Rates, capital flows, energy, and why “operational resilience” matters more during uncertainty

The current Iran-U.S. escalation is not just a headline risk; it’s an energy and shipping chokepoint risk that can ripple into inflation, rates, and investor behavior.

A big reason: the Strait of Hormuz. In 2024, oil flows through the Strait averaged ~20 million barrels/day, about 20% of global petroleum liquids consumption. (EIA) When that corridor is threatened or disrupted, markets immediately start repricing energy, transportation, and risk.

1) Energy shock → inflation pressure → rate uncertainty

When conflict risk rises around Hormuz, markets often react first through oil prices and shipping costs. That can show up as:

  • Higher fuel costs (which hits transportation and supply chains)
  • Higher “war risk” insurance and freight rates
  • A renewed inflation impulse, at the same time, growth may slow

We’ve already seen reports of record-high crude tanker rates tied to heightened physical risk and war-risk insurance costs in the Hormuz region. (EIA)

This is why rate expectations can get messy: central banks can be forced to balance inflation risks vs growth risks, and markets don’t always price that smoothly.

2) Capital flows: markets usually shift toward “quality.”

When geopolitical risk jumps, investors typically become more selective. Research using the Geopolitical Risk (GPR) index (a news-based measure that spikes around wars and major crises) finds that higher geopolitical risk tends to be associated with weaker economic activity and risk repricing. (Matteo Iacoviello)

In practical terms, this often looks like:

  • Tighter credit conditions for weaker borrowers
  • Wider spreads
  • More scrutiny on leverage, liquidity, and refinancing timelines

Translation: the market becomes less forgiving of “best-case underwriting.”

3) Real assets: often more attractive, but not “automatic wins.”

Real assets can benefit from uncertainty because they’re tangible and essential, and people still need housing.
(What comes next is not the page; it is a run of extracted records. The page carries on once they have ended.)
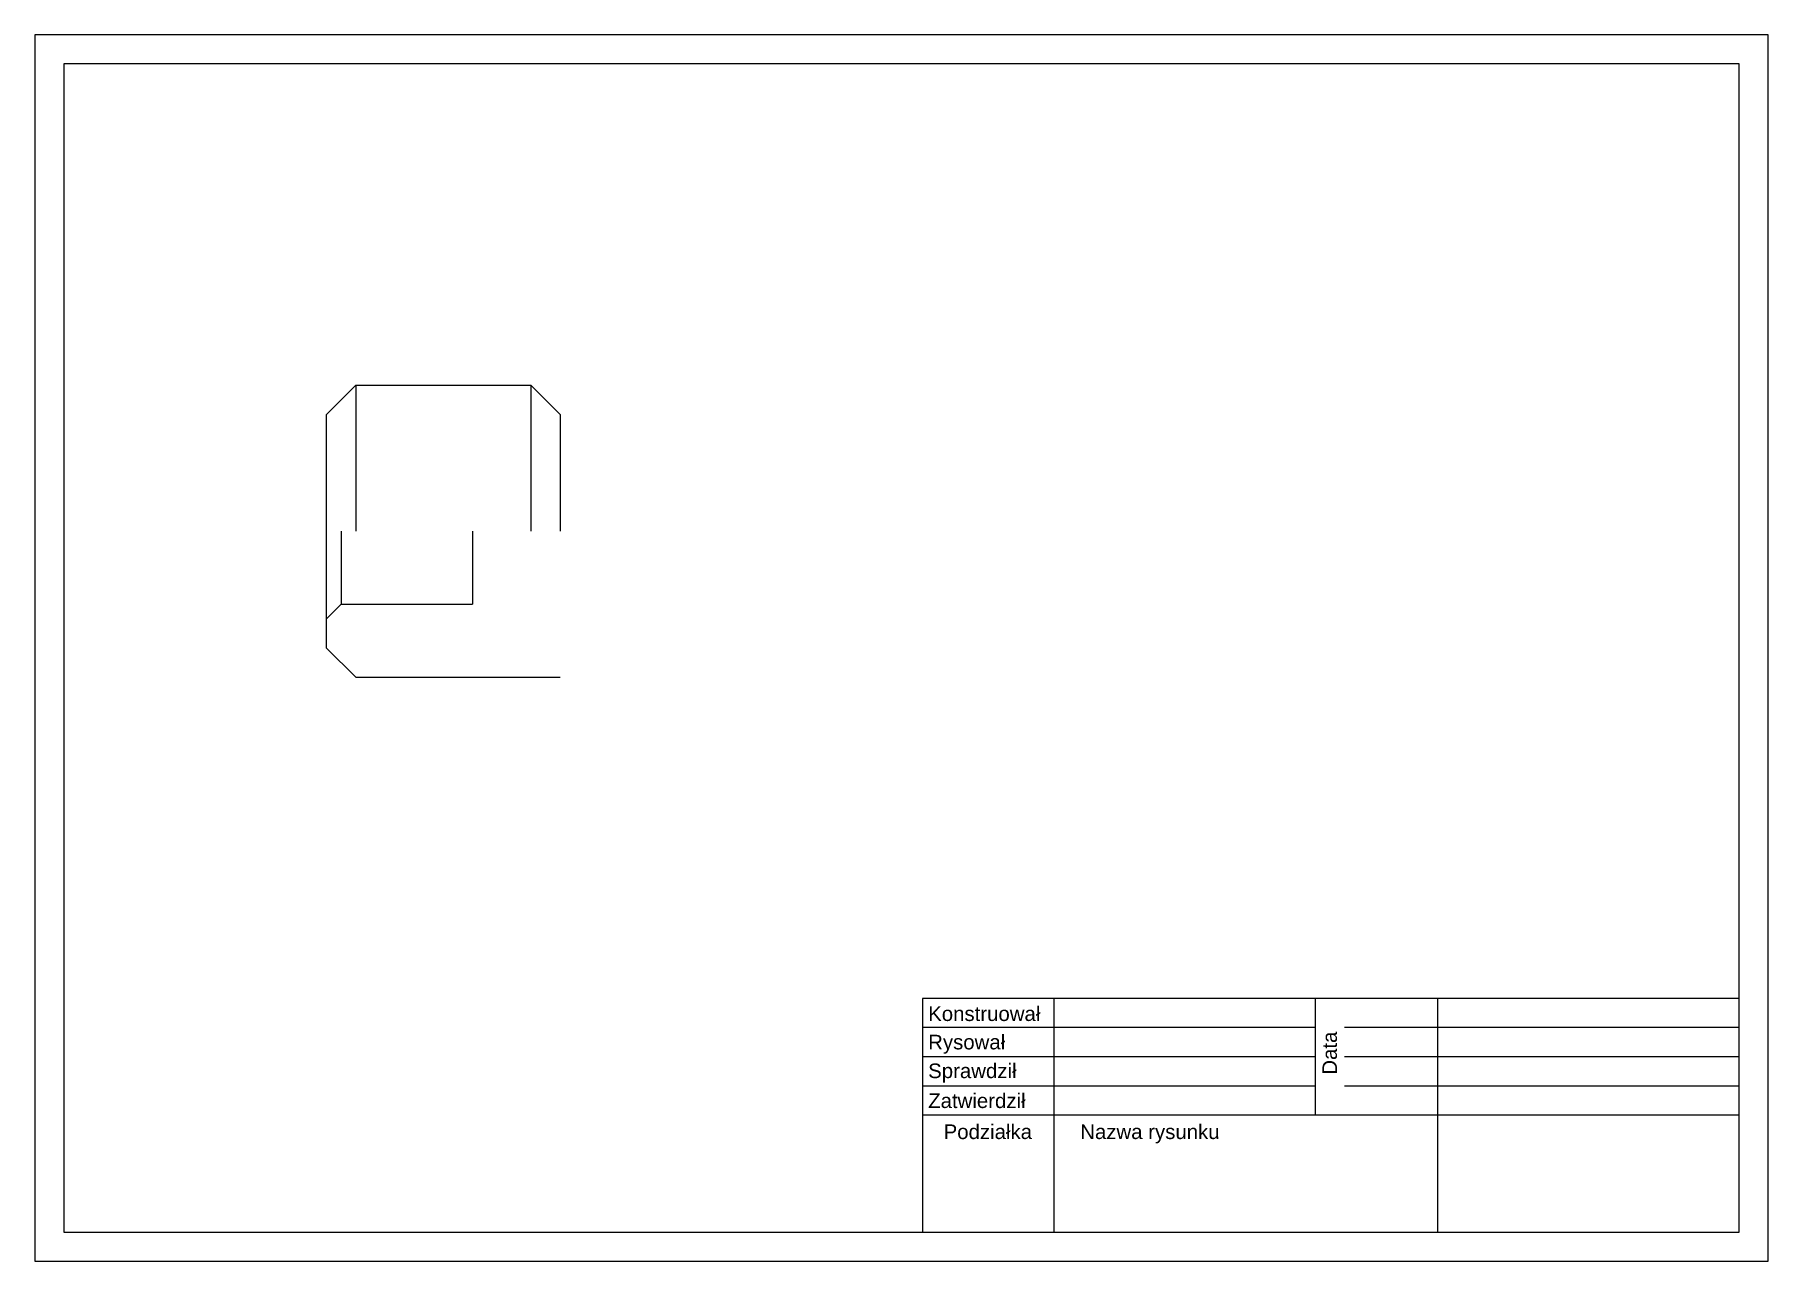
# Model space of a CAD drawing. Header units: millimetres. Extents: x 0 to 297, y 0 to 210.
import ezdxf

# ---------------------------------------------------------------- set-up
doc = ezdxf.new("R2010")
doc.units = ezdxf.units.MM
doc.layers.add('Opis', color=7, linetype='Continuous')
doc.styles.get("Standard").update_dxf_attribs({"font": 'arial.ttf'})

msp = doc.modelspace()

# ---------------------------------------------------------------- linework, layer by layer
msp.add_lwpolyline([(0, 0), (297, 0), (297, 210), (0, 210)], close=True)
at = {"layer": 'Opis'}
for p, q in [((50, 145), (55, 150)), ((55, 150), (85, 150)), ((55, 150), (55, 125)), ((85, 150), (90, 145)), ((85, 150), (85, 125)), ((50, 105), (50, 145)), ((90, 145), (90, 125)), ((52.5, 125), (52.5, 112.5)), ((75, 125), (75, 112.5)), ((50, 110), (52.5, 112.5)), ((50, 110), (50, 110)), ((52.5, 112.5), (52.5, 112.5)), ((52.5, 112.5), (75, 112.5)), ((50, 105), (55, 100)), ((55, 100), (90, 100)), ((292.07, 45), (152.07, 45)), ((152.07, 45), (152.07, 5)), ((174.6, 45), (174.6, 5)), ((219.39, 45), (219.39, 25)), ((240.3, 45), (240.3, 5)), ((219.39, 40), (152.07, 40)), ((292, 40), (224.39, 40)), ((219.39, 35), (152.07, 35)), ((292, 35), (224.39, 35)), ((219.39, 30), (152.07, 30)), ((292, 30), (224.39, 30)), ((292, 25), (152.07, 25))]:
    msp.add_line(p, q, dxfattribs=at)
msp.add_lwpolyline([(5, 5), (292, 5), (292, 205), (5, 205)], close=True, dxfattribs=at)

# ---------------------------------------------------------------- texts
at = {"layer": 'Opis', "char_height": 2.5, "attachment_point": 1}
for s, width, insert in [('Konstruował', 4.6537, (153.07, 43.64)), ('Rysował', 0.0931, (153.07, 38.78)), ('Sprawdził', 1.2656, (153.07, 33.86)), ('Zatwierdził', 2.9509, (153.07, 28.74)), ('Podziałka', 1.3965, (155.72, 23.43)), ('\\pxt12;Nazwa rysunku', 23.6488, (179.12, 23.43))]:
    msp.add_mtext_dynamic_manual_height_columns(s, width=width, gutter_width=12.5, heights=[0], dxfattribs=dict(at, insert=insert))
at = {"layer": 'Opis', "insert": (220.6, 31.95), "char_height": 2.5, "attachment_point": 1, "rotation": 90}
msp.add_mtext_dynamic_manual_height_columns('Data', width=2.5, gutter_width=12.5, heights=[0], dxfattribs=at)

doc.saveas('drawing.dxf')

But higher energy and insurance costs can also raise operating expenses.

So the real question isn’t “will real estate do well?” It’s: which assets and which operators are built to perform when inputs change?

4) What we watch as multifamily operators

When geopolitical uncertainty rises, we don’t try to predict the news. We pressure test the plan.

Debt resilience

  • fixed vs floating exposure
  • maturity timeline
  • sensitivity if NOI softens

Expense realism

  • Insurance and utilities exposure
  • Payroll and maintenance inflation
  • Property tax risk

Base-case survivability

  • Does the deal work without heroic rent growth?
  • Do reserves and contingency plans match reality?

Bottom line

Periods like this tend to separate:

  • Disciplined underwriting vs optimistic underwriting
  • Strong operations vs. “spreadsheet operations.”
  • Clear communication vs vague updates

And because Hormuz is such a major global oil transit chokepoint, shocks here can feed directly into inflation expectations and market volatility. (EIA)

Educational only — not investment advice.